Olay nedir dersiniz...
Geçenlerde bu sütunda da yazıldı...
TBMM'den çıkan bir yasanın kuyruğuna "Benzin istasyonlarında 5 derecenin altında alkol ihtiva eden içki satışı serbesttir" şeklinde bir cümle eklenmiş. Efes, Tuborg gibi biralar 5 derece alkol ihtiva ediyor. Piyasaya kısa süre önce çıkan Erciyes firmasının Amerikan patentiyle ürettiği Miller markalı bira ise 4,7 derece alkollü... Ahmet Tan:
- Bir punduna getirmişler... Miller marka biranın benzin istasyonlarında satılabilmesi için komisyonda başka bir yasaya madde eklemişler, diyor.
- Kim bunu yapanlar?
- Araştırdım bulamadım...
- Yasa komisyon ve genel kuruldan geçerken kimse farketmemiş mi?
- Çoğunluk farketmemiş...
- Peki şimdi ne olacak?
- Yeni çıkacak trafik yasasında yol üzerinde alkollü içki satışını tamamen yasaklıyoruz.

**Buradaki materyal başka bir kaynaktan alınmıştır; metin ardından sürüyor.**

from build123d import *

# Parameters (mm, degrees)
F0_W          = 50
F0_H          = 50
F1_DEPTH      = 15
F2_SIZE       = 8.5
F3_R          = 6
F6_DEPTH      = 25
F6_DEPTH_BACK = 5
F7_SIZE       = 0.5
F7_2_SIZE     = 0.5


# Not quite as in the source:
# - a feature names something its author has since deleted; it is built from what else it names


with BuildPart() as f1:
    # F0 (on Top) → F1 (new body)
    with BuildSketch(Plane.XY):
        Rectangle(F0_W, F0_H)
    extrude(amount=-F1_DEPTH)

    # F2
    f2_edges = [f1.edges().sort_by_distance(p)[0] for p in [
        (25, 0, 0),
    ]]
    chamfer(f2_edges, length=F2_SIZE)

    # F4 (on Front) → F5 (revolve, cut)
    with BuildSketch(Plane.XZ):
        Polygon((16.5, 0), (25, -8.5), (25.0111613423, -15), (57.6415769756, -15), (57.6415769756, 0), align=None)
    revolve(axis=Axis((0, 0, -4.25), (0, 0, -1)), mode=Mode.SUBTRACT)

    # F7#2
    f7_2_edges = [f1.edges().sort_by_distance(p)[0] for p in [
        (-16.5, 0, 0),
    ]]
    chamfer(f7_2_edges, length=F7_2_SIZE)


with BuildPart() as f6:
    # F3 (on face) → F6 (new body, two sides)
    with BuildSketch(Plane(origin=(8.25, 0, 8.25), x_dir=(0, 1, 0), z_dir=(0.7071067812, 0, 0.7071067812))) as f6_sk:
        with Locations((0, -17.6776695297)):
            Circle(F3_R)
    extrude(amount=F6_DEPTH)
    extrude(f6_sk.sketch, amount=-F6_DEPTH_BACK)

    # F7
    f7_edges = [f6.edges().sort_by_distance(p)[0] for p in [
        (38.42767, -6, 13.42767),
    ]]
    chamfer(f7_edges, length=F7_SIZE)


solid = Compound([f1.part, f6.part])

- Yol üzerindeki benzin istasyonlarına bitişik lokantalarda da içki verilmeyecek mi?
- Hayır... Yeni yasa bunu da yasaklıyor.
Yeni yasa ne zaman çıkar belli değil... O zamana kadar atış serbest.
TBMM'nin onaylayıp çıkardığı alkollü yasanın farkında olmaması ise tabii bir başka komedi.
"Ben bir anket yaptırdım. Bugün seçim yapılsa hiçbir parti yüzde 10 barajını aşamıyor. Yalnız durumumuzu o kadar da kötü görmeyelim; barajı aşamayan partiler içinde biz 2. sıradayız."
Bu sözler ANAP Genel Başkanı Mesut Yılmaz' a ait... Mesut Bey'in genel başkan olarak girdiği ilk seçimde (1991) partisi yüzde 24 oy almıştı. Sonraki iki seçimde partinin oyları düştü. Sonunda barajın altına indi. Mesut Bey ANAP'ı 292 milletvekiliyle teslim almıştı. Şu anda bu sayı 86... Ve Mesut Bey hala Genel Başkan... Demek ANAP'lılar onu hâlâ başarılı görüyor!
LAFORİZMA
Bizde o atasözü ters oldu.
"Bekleyen halk muradına değil Derviş'ine erdi!.."
Cihan Demirci
Şu anda bir "ekonomik kurtuluş savaşı" verdiğimizi hem devlet büyükleri hem işadamı örgütleri sık sık tekrarlıyor.
Peki bu Kurtuluş Savaşı'nı kime karşı veriyoruz?
Sokakta yaşlı başlı bir amcayı çevirip sorduk:
- Bu kurtuluş savaşı kime karşı babo?
- Yunan'a?
- O eskidendi. Şimdi kime karşı?
- Emperyalizme?
- O da eskidendi...
- İMF'ye?
- Olur mu yahu... İMF en yakın destekçimiz.
- Cottarelli'ye mi ne işte!
- Yahu o İMF'nin adamı...
- Apo'ya?
- O çoktan teslim oldu.
Baktık vatandaş bilemiyor... İktisatçı Aslan Abi'yi aradık...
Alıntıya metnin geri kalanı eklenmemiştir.